You can also select at the bottom left-hand of the menu to Show SQL. This is a good way to get an understanding of how to interact with Snowflake’s tools programmatically. I tend to prefer building stages in the worksheet, the code looks like this:

CREATE STAGE "HCALDER"."TESTINGSCHEMA".LoadingBlog URL = 's3://iw-holt'

CREDENTIALS = (AWS_KEY_ID = 'PostingYourKeyontheInternetisBad'

    AWS_SECRET_KEY = '******************');

4. Copy Data to Your Table

Now that I have a stage built in Snowflake pulling this data into my tables is extremely simple.
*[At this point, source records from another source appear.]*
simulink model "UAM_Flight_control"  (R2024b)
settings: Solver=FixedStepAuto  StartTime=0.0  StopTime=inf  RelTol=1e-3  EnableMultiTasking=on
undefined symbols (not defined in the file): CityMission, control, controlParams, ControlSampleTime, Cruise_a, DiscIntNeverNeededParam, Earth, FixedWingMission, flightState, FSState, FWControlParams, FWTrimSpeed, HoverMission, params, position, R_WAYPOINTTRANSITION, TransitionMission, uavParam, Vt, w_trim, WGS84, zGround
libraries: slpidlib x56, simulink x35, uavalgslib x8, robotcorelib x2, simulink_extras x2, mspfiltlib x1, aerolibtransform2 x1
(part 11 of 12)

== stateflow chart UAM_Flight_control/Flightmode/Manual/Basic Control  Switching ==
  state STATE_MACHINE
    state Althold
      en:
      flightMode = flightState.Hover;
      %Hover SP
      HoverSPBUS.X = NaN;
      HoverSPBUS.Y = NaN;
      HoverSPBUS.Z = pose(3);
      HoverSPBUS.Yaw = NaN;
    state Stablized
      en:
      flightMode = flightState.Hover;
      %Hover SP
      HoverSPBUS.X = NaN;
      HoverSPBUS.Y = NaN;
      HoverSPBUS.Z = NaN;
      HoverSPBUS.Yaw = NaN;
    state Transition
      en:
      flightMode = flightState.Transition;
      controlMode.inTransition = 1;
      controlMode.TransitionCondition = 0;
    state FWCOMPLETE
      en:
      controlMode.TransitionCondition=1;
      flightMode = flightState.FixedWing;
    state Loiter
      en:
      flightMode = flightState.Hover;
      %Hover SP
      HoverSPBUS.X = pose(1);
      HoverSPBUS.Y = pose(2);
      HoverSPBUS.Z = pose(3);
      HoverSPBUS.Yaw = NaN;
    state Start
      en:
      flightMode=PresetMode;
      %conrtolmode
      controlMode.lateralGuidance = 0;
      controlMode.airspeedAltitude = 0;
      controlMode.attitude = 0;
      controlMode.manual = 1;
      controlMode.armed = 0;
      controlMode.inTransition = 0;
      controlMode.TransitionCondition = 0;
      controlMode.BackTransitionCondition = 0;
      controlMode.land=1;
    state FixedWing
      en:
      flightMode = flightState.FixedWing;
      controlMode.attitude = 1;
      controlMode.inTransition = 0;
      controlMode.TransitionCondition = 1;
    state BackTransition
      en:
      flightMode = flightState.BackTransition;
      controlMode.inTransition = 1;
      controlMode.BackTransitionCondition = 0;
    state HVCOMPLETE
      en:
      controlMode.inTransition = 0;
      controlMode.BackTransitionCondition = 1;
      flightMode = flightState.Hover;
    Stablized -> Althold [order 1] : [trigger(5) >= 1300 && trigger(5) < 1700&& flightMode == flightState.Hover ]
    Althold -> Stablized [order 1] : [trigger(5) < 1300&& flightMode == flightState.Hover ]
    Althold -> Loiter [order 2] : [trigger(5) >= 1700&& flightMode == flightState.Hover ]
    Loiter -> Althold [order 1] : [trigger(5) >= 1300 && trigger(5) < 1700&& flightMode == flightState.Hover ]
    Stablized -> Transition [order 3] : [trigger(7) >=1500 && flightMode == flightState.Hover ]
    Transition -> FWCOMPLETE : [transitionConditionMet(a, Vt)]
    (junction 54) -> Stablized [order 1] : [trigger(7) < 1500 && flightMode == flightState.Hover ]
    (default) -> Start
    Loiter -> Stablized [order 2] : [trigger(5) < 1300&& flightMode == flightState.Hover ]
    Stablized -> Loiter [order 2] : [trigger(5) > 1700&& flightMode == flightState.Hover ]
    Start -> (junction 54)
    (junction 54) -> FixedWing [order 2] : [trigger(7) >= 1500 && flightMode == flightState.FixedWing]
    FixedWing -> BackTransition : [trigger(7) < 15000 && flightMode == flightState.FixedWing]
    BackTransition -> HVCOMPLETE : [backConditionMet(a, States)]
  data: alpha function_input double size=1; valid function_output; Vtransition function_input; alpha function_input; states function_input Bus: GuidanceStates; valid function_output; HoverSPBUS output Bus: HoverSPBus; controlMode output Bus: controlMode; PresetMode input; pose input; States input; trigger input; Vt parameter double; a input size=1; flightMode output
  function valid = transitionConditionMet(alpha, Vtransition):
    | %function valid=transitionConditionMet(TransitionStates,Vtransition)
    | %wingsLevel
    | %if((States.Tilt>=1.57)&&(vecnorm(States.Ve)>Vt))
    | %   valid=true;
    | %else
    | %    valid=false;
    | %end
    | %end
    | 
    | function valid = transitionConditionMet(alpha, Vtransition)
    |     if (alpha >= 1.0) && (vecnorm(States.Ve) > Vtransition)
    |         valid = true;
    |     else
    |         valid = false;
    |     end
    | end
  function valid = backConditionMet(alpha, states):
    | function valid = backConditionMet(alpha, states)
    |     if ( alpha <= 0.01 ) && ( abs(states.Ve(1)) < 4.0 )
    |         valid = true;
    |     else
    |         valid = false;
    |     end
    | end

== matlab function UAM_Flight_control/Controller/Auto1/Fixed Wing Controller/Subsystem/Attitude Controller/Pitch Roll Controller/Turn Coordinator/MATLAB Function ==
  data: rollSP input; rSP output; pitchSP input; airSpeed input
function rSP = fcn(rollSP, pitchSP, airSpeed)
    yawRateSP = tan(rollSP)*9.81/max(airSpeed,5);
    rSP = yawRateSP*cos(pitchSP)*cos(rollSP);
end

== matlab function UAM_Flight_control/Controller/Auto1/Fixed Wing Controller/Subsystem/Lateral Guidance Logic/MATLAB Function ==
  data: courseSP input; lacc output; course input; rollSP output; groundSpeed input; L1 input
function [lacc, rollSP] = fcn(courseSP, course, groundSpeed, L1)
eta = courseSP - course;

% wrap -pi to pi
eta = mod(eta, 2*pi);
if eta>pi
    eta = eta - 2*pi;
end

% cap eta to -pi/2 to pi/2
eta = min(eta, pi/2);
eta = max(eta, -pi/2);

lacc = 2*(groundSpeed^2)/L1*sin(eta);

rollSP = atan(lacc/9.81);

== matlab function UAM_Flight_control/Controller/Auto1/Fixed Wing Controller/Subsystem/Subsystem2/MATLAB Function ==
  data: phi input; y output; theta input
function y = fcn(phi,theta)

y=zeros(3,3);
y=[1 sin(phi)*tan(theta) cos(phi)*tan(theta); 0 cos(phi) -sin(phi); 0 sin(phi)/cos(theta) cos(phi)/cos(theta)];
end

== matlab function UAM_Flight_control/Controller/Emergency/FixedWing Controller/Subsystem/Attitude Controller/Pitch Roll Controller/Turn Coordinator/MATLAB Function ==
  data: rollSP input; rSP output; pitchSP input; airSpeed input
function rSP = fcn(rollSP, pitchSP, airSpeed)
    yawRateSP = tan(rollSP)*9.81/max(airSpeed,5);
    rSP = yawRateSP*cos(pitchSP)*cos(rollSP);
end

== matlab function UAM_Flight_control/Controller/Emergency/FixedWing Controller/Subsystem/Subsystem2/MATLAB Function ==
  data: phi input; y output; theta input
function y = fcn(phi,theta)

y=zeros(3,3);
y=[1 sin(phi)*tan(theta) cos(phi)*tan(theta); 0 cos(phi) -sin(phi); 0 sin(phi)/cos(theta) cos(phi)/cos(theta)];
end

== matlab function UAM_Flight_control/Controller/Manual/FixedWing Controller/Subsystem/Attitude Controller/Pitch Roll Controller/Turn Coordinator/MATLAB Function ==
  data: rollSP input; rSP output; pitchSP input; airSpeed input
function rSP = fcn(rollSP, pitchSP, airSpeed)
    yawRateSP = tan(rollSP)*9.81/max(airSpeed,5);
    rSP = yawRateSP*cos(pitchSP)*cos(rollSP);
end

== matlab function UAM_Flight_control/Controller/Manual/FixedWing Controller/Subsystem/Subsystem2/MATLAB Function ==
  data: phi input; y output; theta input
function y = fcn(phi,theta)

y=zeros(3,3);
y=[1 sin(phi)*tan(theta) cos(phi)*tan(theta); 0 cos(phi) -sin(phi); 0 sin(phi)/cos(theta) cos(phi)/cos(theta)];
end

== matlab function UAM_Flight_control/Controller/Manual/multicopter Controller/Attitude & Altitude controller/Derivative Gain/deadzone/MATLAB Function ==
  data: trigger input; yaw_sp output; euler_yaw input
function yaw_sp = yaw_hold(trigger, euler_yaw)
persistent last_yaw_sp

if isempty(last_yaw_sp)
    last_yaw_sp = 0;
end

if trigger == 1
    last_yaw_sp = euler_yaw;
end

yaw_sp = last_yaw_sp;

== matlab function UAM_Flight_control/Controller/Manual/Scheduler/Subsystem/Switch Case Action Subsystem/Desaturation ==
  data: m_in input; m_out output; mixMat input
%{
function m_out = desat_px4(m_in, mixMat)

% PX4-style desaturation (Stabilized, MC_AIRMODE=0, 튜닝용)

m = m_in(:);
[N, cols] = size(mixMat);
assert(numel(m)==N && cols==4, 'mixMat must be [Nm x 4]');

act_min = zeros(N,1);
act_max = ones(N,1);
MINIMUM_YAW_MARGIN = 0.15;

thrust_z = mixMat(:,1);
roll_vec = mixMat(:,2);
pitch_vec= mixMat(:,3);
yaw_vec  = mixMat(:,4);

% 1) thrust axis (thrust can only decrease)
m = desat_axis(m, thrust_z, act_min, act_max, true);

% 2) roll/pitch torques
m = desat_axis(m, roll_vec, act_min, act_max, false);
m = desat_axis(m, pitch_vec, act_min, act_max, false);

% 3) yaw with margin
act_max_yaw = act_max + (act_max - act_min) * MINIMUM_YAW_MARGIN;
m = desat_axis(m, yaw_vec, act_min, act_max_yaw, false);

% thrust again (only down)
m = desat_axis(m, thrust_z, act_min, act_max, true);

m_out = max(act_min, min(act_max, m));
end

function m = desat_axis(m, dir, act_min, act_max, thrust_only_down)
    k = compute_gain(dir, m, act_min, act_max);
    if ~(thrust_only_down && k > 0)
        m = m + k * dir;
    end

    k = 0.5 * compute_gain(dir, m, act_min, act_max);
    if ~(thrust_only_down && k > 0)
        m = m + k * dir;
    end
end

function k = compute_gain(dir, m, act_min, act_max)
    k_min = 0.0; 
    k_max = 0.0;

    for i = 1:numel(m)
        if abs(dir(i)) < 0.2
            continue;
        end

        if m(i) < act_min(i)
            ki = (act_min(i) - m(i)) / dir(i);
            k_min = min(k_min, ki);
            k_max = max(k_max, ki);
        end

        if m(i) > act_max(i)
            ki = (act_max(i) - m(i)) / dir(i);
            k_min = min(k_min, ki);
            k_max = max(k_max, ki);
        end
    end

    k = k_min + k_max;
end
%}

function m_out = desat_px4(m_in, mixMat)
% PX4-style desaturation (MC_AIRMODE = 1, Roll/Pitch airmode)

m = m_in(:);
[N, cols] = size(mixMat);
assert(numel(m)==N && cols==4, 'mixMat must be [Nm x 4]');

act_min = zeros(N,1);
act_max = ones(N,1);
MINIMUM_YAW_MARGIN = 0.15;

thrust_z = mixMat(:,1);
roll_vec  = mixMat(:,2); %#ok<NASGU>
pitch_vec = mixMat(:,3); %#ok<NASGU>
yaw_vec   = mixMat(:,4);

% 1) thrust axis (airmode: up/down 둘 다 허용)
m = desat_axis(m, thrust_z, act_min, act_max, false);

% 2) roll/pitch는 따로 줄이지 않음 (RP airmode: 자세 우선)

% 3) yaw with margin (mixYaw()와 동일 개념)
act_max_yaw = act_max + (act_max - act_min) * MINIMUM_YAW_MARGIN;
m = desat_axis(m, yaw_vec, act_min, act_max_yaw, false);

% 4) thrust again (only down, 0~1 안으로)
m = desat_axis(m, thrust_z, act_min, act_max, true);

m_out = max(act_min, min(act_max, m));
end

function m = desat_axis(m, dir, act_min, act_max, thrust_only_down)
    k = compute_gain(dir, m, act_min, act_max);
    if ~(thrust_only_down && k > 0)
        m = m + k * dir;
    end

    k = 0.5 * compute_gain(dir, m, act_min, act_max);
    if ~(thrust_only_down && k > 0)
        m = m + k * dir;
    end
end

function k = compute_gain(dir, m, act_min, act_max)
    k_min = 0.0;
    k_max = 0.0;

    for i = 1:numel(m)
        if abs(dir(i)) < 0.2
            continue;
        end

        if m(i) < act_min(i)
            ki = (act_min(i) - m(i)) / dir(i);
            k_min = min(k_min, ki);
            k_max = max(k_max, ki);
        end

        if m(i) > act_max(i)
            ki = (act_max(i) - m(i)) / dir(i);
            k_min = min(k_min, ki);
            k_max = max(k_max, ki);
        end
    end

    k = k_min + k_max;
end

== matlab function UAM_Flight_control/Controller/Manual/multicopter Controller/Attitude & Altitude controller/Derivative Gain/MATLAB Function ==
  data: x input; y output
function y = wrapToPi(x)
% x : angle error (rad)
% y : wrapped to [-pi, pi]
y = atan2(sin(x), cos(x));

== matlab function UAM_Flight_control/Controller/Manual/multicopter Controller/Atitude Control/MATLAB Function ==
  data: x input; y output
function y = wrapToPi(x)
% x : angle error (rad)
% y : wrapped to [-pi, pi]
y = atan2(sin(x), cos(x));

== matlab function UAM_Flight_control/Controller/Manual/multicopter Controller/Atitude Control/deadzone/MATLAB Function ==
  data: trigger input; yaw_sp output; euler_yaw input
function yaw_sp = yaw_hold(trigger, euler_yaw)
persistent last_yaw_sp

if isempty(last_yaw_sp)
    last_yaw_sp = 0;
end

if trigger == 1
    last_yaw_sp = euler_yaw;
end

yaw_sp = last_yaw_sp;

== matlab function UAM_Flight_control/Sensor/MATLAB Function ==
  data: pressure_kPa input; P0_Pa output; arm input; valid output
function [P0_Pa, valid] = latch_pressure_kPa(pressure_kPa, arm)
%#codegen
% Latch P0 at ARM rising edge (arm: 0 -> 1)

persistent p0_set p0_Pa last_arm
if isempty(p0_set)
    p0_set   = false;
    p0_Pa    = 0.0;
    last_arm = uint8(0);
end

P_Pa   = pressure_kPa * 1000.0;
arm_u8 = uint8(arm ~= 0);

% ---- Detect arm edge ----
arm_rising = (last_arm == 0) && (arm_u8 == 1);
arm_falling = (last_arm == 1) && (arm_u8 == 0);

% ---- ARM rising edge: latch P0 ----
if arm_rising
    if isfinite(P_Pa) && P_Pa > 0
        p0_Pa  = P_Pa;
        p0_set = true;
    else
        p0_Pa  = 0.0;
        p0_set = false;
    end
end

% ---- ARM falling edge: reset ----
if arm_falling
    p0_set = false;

I built a table that contains 6 columns, one for my JSON data, and 5 for the other information contained in my CSV file. To copy from my stage all that was needed is this snippet of code:

COPY INTO [TABLENAME] ([COLUMN]) FROM @[STAGENAME]

FILE_FORMAT=(TYPE= 'JSON' STRIP_OUTER_ARRAY= true)

PATTERN= '.*.json';

               COPY INTO [TABLENAME] ([COLUMNS]) FROM @[STAGENAME]

FILE_FORMAT=(TYPE= 'CSV')

PATTERN= '.*.csv';

One thing that I want to call out here is that I ran two separate commands to populate my table. I ran the first statement above to load my JSON data into the variant column and then modified it to pull out my CSV data for the second go round. Please check out this page from the Snowflake docs that gives all the details you’ll need on the different file_format options. Some can be tricky. It also gives you all the information you would need to save the file format for future use.

Also, notice how I used Regular Expressions on the final line to pull out all JSON and CSV files from my bucket, you can also use this method with other RegEx patterns and is a good way to pick up the pace on your data loading.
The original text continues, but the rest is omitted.